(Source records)
===============
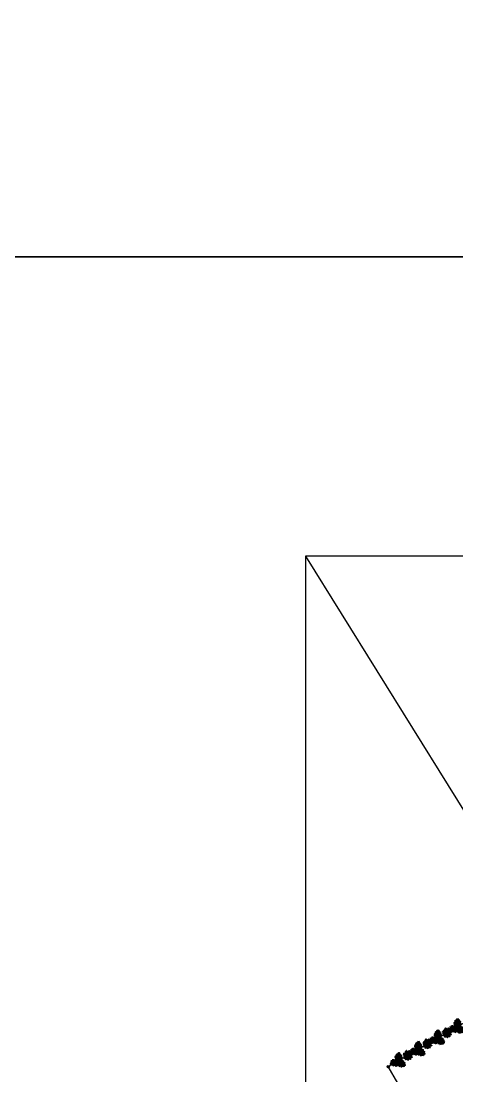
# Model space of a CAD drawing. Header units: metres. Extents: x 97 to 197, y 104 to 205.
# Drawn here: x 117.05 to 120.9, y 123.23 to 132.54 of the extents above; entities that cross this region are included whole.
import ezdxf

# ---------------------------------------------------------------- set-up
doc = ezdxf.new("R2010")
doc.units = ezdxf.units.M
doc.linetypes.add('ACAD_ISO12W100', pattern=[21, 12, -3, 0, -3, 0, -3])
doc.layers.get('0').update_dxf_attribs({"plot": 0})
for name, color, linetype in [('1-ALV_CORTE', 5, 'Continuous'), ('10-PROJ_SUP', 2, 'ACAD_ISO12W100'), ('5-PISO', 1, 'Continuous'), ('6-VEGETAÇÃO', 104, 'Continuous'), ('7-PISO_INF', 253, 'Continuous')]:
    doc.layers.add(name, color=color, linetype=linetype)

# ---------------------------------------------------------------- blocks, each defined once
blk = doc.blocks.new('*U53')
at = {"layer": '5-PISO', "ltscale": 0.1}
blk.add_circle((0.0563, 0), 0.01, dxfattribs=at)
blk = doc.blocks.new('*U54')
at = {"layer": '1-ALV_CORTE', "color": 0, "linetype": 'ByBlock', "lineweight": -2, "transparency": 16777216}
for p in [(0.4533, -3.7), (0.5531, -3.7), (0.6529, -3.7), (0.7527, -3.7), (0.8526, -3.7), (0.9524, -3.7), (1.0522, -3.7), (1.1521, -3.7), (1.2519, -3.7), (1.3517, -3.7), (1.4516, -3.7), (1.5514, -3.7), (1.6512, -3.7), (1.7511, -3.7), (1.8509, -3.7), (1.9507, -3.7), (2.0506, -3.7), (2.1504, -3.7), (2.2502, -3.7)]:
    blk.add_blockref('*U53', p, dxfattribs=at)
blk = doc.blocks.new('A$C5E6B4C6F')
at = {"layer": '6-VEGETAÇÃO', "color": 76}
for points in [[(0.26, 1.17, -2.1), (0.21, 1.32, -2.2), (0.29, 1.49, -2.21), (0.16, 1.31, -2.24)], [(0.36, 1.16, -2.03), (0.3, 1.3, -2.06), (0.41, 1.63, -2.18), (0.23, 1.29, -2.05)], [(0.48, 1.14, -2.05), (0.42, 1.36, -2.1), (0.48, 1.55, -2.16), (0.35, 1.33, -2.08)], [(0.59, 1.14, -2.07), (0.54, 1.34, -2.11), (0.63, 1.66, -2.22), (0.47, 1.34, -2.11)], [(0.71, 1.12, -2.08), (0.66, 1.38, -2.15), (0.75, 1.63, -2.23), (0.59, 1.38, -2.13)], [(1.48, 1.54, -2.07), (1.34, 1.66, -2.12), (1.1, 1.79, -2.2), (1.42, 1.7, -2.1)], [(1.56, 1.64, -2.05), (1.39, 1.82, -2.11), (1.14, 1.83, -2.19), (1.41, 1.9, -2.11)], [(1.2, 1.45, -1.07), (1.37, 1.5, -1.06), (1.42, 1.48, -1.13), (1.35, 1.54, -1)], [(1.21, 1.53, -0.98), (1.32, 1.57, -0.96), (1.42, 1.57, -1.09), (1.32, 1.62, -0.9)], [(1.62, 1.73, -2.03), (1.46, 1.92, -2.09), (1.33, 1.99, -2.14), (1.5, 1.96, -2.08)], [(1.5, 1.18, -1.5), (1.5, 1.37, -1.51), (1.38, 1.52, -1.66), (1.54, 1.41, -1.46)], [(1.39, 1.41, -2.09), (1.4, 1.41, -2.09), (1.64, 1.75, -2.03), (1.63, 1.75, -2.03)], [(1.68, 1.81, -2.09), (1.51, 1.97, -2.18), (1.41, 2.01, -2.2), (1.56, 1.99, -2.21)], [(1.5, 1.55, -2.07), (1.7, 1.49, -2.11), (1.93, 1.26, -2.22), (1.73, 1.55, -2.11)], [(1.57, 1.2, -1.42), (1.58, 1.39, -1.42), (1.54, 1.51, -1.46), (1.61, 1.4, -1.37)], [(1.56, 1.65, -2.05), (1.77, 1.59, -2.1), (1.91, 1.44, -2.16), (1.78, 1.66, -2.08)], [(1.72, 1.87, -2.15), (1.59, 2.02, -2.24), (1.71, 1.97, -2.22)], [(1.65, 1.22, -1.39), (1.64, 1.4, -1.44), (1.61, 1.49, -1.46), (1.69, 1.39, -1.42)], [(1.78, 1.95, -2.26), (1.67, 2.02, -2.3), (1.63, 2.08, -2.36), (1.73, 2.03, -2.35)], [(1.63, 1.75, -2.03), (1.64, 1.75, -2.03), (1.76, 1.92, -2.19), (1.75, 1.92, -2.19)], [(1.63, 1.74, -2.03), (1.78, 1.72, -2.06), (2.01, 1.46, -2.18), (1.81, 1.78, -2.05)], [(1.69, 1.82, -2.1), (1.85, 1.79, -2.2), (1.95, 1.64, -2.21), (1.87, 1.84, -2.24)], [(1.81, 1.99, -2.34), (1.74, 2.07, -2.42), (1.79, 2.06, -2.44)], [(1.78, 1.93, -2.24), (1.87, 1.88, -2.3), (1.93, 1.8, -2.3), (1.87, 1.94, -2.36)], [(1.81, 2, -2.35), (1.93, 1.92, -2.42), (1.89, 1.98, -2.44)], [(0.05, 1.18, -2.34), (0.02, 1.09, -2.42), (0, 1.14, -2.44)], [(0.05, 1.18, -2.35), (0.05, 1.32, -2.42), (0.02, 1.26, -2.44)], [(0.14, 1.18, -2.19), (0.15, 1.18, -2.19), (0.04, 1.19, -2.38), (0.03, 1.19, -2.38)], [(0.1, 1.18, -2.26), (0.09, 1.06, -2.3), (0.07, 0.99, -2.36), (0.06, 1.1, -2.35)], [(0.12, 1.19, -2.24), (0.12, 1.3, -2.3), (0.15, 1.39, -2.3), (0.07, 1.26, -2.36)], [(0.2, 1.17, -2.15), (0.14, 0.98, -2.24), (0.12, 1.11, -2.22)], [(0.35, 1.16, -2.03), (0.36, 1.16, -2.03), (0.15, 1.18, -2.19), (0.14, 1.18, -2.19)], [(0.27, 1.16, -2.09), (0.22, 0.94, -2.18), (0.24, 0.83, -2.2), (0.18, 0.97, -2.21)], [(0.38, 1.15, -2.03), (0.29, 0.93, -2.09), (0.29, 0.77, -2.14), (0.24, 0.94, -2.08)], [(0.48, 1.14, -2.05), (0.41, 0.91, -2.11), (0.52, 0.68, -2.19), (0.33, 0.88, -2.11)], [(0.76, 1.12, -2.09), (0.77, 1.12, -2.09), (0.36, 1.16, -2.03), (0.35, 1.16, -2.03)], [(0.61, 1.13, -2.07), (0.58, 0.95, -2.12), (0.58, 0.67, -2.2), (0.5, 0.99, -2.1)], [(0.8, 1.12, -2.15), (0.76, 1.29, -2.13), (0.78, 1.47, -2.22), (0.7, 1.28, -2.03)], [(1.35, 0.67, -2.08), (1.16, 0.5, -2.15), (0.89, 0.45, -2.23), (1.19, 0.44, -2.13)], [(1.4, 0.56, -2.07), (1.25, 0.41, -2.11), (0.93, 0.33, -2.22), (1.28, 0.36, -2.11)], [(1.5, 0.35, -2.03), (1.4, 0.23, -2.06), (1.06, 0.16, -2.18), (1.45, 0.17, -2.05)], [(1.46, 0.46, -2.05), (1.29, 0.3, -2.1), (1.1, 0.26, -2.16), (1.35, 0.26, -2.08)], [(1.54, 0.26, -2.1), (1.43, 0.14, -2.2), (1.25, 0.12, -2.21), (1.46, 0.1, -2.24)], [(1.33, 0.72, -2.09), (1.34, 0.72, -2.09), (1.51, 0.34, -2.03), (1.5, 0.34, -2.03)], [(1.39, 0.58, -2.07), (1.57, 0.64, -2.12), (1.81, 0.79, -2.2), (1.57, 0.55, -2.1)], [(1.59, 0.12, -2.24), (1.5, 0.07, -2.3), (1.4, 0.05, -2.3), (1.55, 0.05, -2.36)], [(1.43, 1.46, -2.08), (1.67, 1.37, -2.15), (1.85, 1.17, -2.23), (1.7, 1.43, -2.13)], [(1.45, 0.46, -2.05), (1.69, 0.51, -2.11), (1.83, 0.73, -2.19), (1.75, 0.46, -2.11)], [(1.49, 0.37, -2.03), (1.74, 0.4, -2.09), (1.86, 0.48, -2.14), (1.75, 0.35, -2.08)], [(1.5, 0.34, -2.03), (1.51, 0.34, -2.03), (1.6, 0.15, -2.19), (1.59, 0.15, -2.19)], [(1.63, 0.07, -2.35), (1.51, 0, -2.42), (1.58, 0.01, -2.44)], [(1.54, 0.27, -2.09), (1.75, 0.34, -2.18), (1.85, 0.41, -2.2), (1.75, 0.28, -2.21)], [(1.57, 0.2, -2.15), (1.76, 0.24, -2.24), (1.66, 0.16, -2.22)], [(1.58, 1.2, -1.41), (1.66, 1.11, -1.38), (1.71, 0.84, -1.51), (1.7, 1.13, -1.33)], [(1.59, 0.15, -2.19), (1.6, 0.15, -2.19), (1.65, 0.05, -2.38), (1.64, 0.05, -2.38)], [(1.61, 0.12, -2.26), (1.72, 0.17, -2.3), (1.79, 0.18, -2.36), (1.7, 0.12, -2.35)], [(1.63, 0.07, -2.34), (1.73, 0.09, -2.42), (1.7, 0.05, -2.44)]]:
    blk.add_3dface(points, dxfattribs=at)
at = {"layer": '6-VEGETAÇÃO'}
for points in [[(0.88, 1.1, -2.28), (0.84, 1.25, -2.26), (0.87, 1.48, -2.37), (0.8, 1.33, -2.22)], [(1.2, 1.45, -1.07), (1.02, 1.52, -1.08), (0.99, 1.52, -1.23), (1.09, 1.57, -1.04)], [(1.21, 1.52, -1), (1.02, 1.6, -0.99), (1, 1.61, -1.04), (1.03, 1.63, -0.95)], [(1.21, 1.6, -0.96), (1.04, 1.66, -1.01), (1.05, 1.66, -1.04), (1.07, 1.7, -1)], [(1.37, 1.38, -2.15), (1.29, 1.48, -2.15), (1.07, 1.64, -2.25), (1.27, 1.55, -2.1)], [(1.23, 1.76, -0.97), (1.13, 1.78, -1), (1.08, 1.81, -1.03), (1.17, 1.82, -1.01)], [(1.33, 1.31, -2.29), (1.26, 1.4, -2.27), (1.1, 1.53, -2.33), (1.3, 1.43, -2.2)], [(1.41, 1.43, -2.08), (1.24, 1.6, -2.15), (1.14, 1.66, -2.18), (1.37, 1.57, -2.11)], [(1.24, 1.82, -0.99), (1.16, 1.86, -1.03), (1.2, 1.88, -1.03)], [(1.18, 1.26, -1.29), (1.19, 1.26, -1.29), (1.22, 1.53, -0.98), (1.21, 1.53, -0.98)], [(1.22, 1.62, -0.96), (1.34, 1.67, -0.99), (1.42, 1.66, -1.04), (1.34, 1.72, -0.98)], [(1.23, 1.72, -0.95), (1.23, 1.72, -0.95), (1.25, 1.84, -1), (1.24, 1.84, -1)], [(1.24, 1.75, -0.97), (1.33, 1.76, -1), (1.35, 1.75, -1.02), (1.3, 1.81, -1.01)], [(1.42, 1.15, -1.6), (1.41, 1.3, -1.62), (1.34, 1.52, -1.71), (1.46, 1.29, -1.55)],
===============
● **Assigned task**:
Exactly and only the lines from the top of the records down to the line containing "import ezdxf" should be transcribed, please, without the pictures.

● **The completed task**:
# Model space of a CAD drawing. Header units: metres. Extents: x 97 to 197, y 104 to 205.
# Drawn here: x 117.05 to 120.9, y 123.23 to 132.54 of the extents above; entities that cross this region are included whole.
import ezdxf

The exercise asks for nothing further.